[Extracted records]
******

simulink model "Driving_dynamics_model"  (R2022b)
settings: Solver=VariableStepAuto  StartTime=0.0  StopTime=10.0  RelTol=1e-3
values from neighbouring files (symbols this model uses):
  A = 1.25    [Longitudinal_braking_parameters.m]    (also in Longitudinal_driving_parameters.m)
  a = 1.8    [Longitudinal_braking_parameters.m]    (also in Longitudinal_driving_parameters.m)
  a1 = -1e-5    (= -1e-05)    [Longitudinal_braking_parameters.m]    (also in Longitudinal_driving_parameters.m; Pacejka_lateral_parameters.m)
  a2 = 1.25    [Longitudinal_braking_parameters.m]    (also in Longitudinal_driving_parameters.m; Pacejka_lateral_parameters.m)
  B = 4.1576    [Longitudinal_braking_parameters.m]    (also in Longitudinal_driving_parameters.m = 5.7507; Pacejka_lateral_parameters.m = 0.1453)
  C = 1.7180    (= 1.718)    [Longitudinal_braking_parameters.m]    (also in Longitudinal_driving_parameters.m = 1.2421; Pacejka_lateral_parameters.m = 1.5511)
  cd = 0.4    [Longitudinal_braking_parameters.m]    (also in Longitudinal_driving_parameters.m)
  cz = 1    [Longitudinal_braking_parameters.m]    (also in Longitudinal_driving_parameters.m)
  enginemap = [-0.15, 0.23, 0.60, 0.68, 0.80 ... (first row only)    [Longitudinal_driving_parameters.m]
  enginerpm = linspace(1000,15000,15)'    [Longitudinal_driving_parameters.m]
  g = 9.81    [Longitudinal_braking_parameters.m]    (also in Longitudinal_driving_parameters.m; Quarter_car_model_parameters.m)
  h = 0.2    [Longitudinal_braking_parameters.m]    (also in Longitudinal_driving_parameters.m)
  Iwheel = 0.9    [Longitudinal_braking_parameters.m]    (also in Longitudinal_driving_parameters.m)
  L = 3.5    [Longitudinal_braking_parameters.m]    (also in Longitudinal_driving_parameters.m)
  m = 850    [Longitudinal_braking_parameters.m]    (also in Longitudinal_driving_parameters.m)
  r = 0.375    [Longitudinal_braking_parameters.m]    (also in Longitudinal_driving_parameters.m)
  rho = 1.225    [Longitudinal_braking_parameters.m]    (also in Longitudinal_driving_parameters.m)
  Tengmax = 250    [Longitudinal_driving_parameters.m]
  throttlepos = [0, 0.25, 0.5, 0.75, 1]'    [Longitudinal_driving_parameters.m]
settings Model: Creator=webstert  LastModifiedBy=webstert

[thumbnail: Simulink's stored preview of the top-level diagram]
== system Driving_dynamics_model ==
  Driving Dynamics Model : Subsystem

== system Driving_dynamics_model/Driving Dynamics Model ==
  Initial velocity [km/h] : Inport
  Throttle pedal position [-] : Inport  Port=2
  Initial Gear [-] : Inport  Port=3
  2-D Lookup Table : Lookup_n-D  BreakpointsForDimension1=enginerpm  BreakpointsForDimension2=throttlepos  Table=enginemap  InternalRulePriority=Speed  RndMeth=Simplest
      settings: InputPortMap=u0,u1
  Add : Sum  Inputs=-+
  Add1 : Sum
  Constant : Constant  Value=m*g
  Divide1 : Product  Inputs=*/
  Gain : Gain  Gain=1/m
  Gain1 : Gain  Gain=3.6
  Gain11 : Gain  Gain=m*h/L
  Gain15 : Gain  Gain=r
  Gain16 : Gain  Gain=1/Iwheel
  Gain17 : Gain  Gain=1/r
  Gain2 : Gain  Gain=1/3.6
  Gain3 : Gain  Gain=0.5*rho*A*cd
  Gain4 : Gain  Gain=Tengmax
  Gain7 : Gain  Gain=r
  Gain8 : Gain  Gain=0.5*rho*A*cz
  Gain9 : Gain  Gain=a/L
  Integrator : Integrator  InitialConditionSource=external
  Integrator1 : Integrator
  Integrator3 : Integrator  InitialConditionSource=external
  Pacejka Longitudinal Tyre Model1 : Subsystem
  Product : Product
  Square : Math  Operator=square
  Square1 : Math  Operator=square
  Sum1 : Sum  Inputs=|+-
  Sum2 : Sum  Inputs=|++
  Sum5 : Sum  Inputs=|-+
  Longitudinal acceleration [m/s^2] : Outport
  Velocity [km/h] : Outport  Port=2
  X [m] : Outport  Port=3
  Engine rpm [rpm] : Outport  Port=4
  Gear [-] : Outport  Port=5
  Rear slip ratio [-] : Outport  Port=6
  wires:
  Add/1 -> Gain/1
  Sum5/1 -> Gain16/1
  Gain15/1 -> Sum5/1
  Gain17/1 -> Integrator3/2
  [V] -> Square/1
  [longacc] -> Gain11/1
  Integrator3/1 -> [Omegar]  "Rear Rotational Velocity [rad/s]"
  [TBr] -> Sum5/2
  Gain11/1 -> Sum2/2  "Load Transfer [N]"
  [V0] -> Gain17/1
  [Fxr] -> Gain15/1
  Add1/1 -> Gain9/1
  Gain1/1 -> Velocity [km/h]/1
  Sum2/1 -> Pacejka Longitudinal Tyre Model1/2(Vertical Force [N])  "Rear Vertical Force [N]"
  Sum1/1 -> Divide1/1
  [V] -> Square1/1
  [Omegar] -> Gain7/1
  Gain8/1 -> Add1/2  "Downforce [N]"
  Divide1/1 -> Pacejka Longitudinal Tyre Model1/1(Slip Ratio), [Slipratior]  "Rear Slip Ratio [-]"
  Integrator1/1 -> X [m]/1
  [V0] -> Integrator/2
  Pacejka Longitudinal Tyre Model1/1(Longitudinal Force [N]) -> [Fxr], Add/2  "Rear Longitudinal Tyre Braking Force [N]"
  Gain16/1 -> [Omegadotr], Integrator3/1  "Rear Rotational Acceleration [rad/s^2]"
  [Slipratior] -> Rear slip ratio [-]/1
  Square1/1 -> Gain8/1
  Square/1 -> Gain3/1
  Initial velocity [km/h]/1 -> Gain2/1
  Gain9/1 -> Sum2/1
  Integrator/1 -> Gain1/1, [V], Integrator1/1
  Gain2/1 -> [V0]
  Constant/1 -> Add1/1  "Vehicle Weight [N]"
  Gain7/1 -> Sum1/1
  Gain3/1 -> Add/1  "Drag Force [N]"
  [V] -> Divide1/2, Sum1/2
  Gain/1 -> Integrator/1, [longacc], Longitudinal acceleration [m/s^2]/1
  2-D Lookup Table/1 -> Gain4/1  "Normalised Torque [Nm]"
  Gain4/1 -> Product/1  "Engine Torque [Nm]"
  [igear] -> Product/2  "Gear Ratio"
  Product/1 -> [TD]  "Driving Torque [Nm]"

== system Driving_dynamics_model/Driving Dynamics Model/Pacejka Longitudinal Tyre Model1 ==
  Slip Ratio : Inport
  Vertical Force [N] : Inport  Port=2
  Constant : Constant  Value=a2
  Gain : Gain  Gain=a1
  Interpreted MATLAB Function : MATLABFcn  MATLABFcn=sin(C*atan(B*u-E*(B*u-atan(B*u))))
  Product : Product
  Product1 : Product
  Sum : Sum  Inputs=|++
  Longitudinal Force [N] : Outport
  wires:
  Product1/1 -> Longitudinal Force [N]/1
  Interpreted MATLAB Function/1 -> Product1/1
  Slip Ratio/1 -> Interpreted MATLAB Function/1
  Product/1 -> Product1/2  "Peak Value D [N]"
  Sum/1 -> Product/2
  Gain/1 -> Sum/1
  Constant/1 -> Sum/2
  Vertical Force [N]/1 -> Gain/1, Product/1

******

_Your objective_
Word for word, return the lines from the one holding "Gain/1 -> Integrator/1, [longacc], Longitudinal" through the end of the entries above.

_Answer area_
  Gain/1 -> Integrator/1, [longacc], Longitudinal acceleration [m/s^2]/1
  2-D Lookup Table/1 -> Gain4/1  "Normalised Torque [Nm]"
  Gain4/1 -> Product/1  "Engine Torque [Nm]"
  [igear] -> Product/2  "Gear Ratio"
  Product/1 -> [TD]  "Driving Torque [Nm]"

== system Driving_dynamics_model/Driving Dynamics Model/Pacejka Longitudinal Tyre Model1 ==
  Slip Ratio : Inport
  Vertical Force [N] : Inport  Port=2
  Constant : Constant  Value=a2
  Gain : Gain  Gain=a1
  Interpreted MATLAB Function : MATLABFcn  MATLABFcn=sin(C*atan(B*u-E*(B*u-atan(B*u))))
  Product : Product
  Product1 : Product
  Sum : Sum  Inputs=|++
  Longitudinal Force [N] : Outport
  wires:
  Product1/1 -> Longitudinal Force [N]/1
  Interpreted MATLAB Function/1 -> Product1/1
  Slip Ratio/1 -> Interpreted MATLAB Function/1
  Product/1 -> Product1/2  "Peak Value D [N]"
  Sum/1 -> Product/2
  Gain/1 -> Sum/1
  Constant/1 -> Sum/2
  Vertical Force [N]/1 -> Gain/1, Product/1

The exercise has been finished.